The 52nd Meeting of the Financial Stability Council
28/12/2020
Financial Stability Council held its 52nd meeting today, chaired by Radoje Žugić, Governor of the Central Bank and Chairman of the Council. All other members of the Council also attended the meeting: Milojko Spajić, Minister of Finance, Uroš Andrijašević, President of the Council of the Insurance Supervision Agency, and Zoran Đikanović, President of the Capital Market Authority. Upon invitation, Predrag Marković, the Deposit Protection Fund director, attends the Council’s sessions.
At today’s meeting, the Council discussed the Information on Financial Stability for Q3 2020, focusing on the coronavirus pandemic’s impact on economic activity, public finances and overall financial stability in the country.
Discussing the international economic environment trends, it stated that economic activity in the euro area, after a record decline of 12.1% in the second quarter of this year, recorded a growth of 12.7% in Q3. However, compared to year-on-year, the economy in the euro area recorded a 4.3% decline. The IMF forecasted economic activity in the euro area in 2020 to fall by 8.3%.
Concerning the domestic macroeconomic environment, during the first nine months of the current year, negative trends were recorded in tourism (77% decrease in the number of tourist arrivals and 79.7% in the number of overnight stays), construction (7.9% decrease in the value of performed construction works and 3.8% in effective working hours), industrial production (decrease of 1.5%), etc. Consumption recorded a significant decline, reflected in the goods retail trade turnover annual decline of 23.4%.

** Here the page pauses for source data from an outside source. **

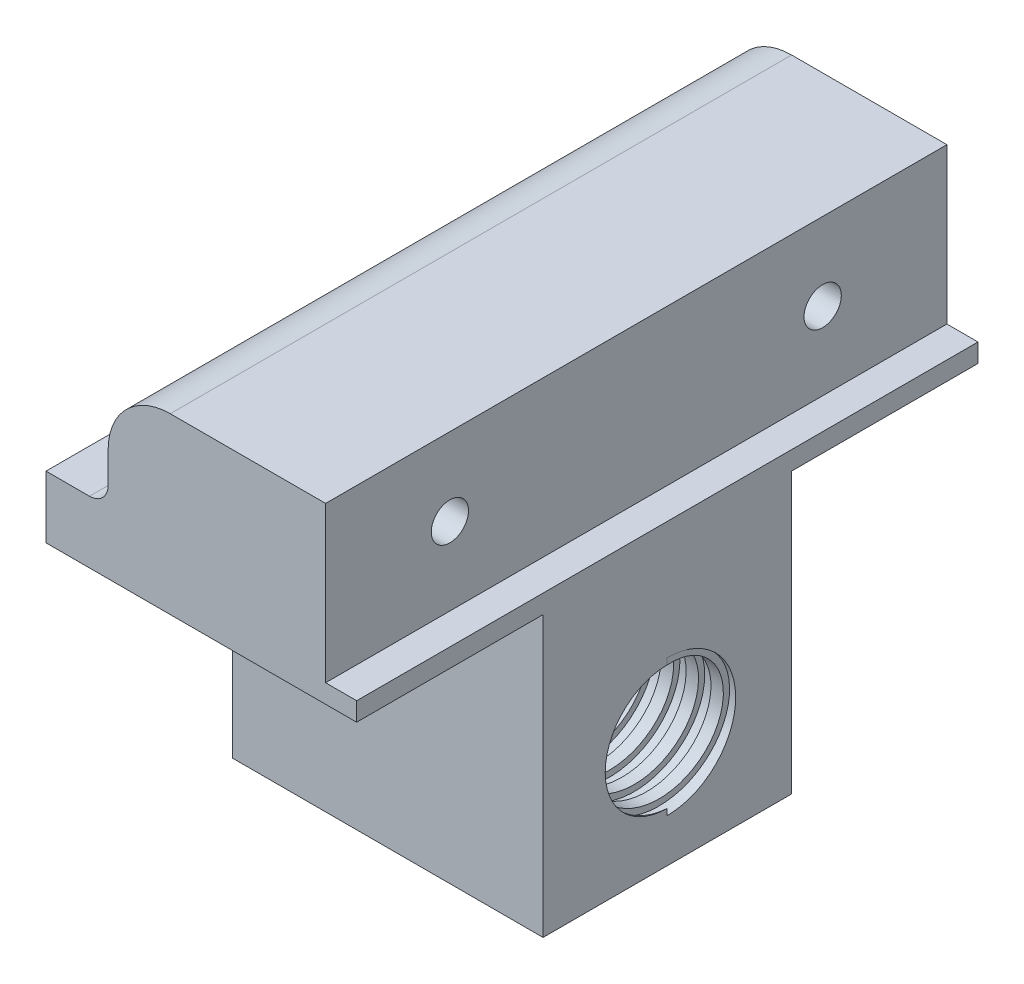
SolidWorks part; units mm, degrees
material "Gray Cast Iron (SN)"
ref_plane "Front Plane" through (0, 0, 0) normal (0, 0, 1) x (1, 0, 0)
ref_plane "Top Plane" through (0, 0, 0) normal (0, 1, 0) x (1, 0, 0)
ref_plane "Right Plane" through (0, 0, 0) normal (1, 0, 0) x (0, 0, -1)
sketch "Sketch1" plane through (0, 0, 0) normal (0, 0, 1) x (1, 0, 0)
  line L1 (-25.7736, -14.5358) -> (24.2264, -14.5358)
  line L2 (-25.7736, -14.5358) -> (-25.7736, -4.5358)
  line L3 (-5.7736, 13.4642) -> (19.2264, 13.4642)
  line L4 (24.2264, -14.5358) -> (24.2264, -11.5358)
  line L5 (-25.7736, -14.5358) -> (19.2264, 10.8433) construction
  line L6 (-15.7736, 9.4642) -> (24.2264, -14.5358) construction
  line L9 (-25.7736, -4.5358) -> (-18.7736, -4.5358)
  line L10 (-15.7736, 3.4642) -> (-15.7736, -1.5358)
  line L13 (24.2264, -11.5358) -> (19.2264, -11.5358)
  line L14 (19.2264, 13.4642) -> (19.2264, -11.5358)
  arc A0 (-5.7736, 13.4642) -> (-15.7736, 3.4642) centre (-5.7736, 3.4642) ccw
  arc A1 (-18.7736, -4.5358) -> (-15.7736, -1.5358) centre (-18.7736, -1.5358) ccw
  point P0 (0, 0)
  point P14 (-15.7736, 13.4642)
  dimension "D7" = 10
  dimension "D8" = 3
  dimension "D1" = 50
  dimension "D2" = 35
  dimension "D3" = 25
  dimension "D4" = 3
  dimension "D5" = 10
  dimension "D6" = 5
extrude "Boss-Extrude1" add sketch "Sketch1" along normal mid plane 100
sketch "Sketch2" plane through (0, -14.5358, 0) normal (0, -1, 0) x (1, 0, 0)
  line L0 (-25.7736, 50) -> (-25.7736, -50) construction
  line L1 (-25.7736, 20) -> (24.2264, 20)
  line L2 (-25.7736, 20) -> (-25.7736, -20)
  line L3 (-25.7736, -20) -> (24.2264, -20)
  line L4 (24.2264, 20) -> (24.2264, -20)
  line L5 (24.2264, 50) -> (24.2264, -50) construction
  line L6 (-25.7736, 50) -> (24.2264, 50) construction
  dimension "D1" = 40
  dimension "D2" = 30
extrude "Boss-Extrude2" add sketch "Sketch2" along normal blind 45
sketch "Sketch3" plane through (24.2264, 0, 0) normal (1, 0, 0) x (0, 0, -1)
  line L0 (-50, -14.5358) -> (-20, -14.5358) construction
  circle A0 centre (0, -41.5358) radius 10
  dimension "D1" = 20
  dimension "D2" = 27
extrude "Cut-Extrude1" cut sketch "Sketch3" against normal through all
sketch "Sketch4" plane through (24.2264, 0, 0) normal (1, 0, 0) x (0, 0, -1)
  circle A0 centre (0, -41.5358) radius 10 construction
  circle A1 centre (0, -41.5358) radius 10
curve "Helix/Spiral1" pitch 4 height 53 radius 10 centre (24.2264, -41.5358, 0) axis (-1, 0, 0) start towards (0, 0, -1)
ref_plane "Plane3" through (-28.7736, -51.5358, 0) normal (-0.0635, 0, 0.998) x (0.998, 0, 0.0635)
sketch "Sketch7" plane through (-28.7736, -51.5358, 0) normal (-0.0635, 0, 0.998) x (0.998, 0, 0.0635)
  line L1 (-1, -1) -> (1, -1)
  line L2 (-1, -1) -> (-1, 1)
  line L3 (-1, 1) -> (1, 1)
  line L4 (1, -1) -> (1, 1)
  line L5 (-1, -1) -> (1, 1) construction
  line L6 (-1, 1) -> (1, -1) construction
  point P0 (0, 0)
  dimension "D1" = 2
  dimension "D2" = 2
sweep "Cut-Sweep1" cut profiles "Sketch7" path "Helix/Spiral1" align with end faces yes
sketch "Sketch8" plane through (19.2264, 0, 0) normal (1, 0, 0) x (0, 0, -1)
  line L0 (50, -11.5358) -> (50, 13.4642) construction
  line L1 (-50, -14.5358) -> (-20, -14.5358) construction
  point P0 (-30, 0.9642)
  point P1 (30, 0.9642)
  dimension "D1" = 60
  dimension "D2" = 20
  dimension "D3" = 15.5
sketch "Sketch9" plane through (0, -59.5358, 0) normal (0, -1, 0) x (1, 0, 0)
  line L0 (24.2264, 20) -> (-25.7736, 20) construction
  line L1 (-25.7736, 20) -> (-25.7736, -20) construction
  point P0 (-0.7736, 12)
  point P1 (-0.7736, -12)
  dimension "D1" = 24
  dimension "D2" = 8
  dimension "D3" = 25
hole_wizard "Hole1" positions "3DSketch1" profile "Sketch10" legacy
sketch3d "3DSketch1"
  point P0 (19.2264, 0.9642, 30)
  point P3 (19.2264, 0.9642, -30)
  point P6 (-0.7736, -59.5358, 12)
  point P9 (-0.7736, -59.5358, -12)
sketch "Sketch10" plane through (19.2264, 0.9642, 30) normal (0, 1, 0) x (0, 0, -1)
  line L0 (0, 0) -> (0, 14.5022)
  line L1 (0, 14.5022) -> (2.5, 13)
  line L2 (2.5, 13) -> (2.5, 10)
  line L3 (2.5, 10) -> (3, 10)
  line L4 (3, 0) -> (0, 0)
  line L5 (0, -11.3109) -> (0, 121.1557) construction
  line L6 (0, 14.5022) -> (-2.5, 13) construction
  line L7 (3, 10) -> (3, 0)
  dimension "Depth" = 13
  dimension "Drill Angle" = 118
  dimension "Diameter" = 5
  dimension "C-Bore Diameter" = 6
  dimension "C-Bore Depth" = 10

It further stated that the crisis has increased the vulnerability of public finances in Montenegro. On the one hand, revenues are declining due to declining economic activity and on the other hand, due to the need for increased allocations to repair the pandemic. The Council assessed that the recent Eurobonds issue has reduced the fiscal sphere risk since funds were provided to repay public debt and finance public spending in the next year. The following year will also be characterised by high uncertainty resulting from the pandemic unpredictability. For this reason, as well as considering that the achieved interest rate is favourable, the Council positively evaluates this transaction.
So far, the banking sector has shown good resilience to the crisis. The solvency ratio at the end of Q3 this year was 19.3%, slightly lower than at the end of Q2 when it was 19.6%. Bank liquidity is also satisfactory. NPLs recorded a slight increase at the end of the third quarter, amounted to 5.6%. The materialisation of the newly emerging crisis through non-performing loans’ growth is not currently systemic. Still, it deals with some individual banks, although with significant market shares. The insurance market is also stable. According to the data for the first three quarters of this year, all insurance companies are solvent, liquid and profitable.
Given the impact analysis of different factors, the Council concluded that financial stability has been preserved so far. Still, due to the high uncertainty brought by the current crisis, and objective risks that can materialise, all actors in the financial sector must carefully monitor and examine the market signals in detail and take adequate measures to maintain stability in the future.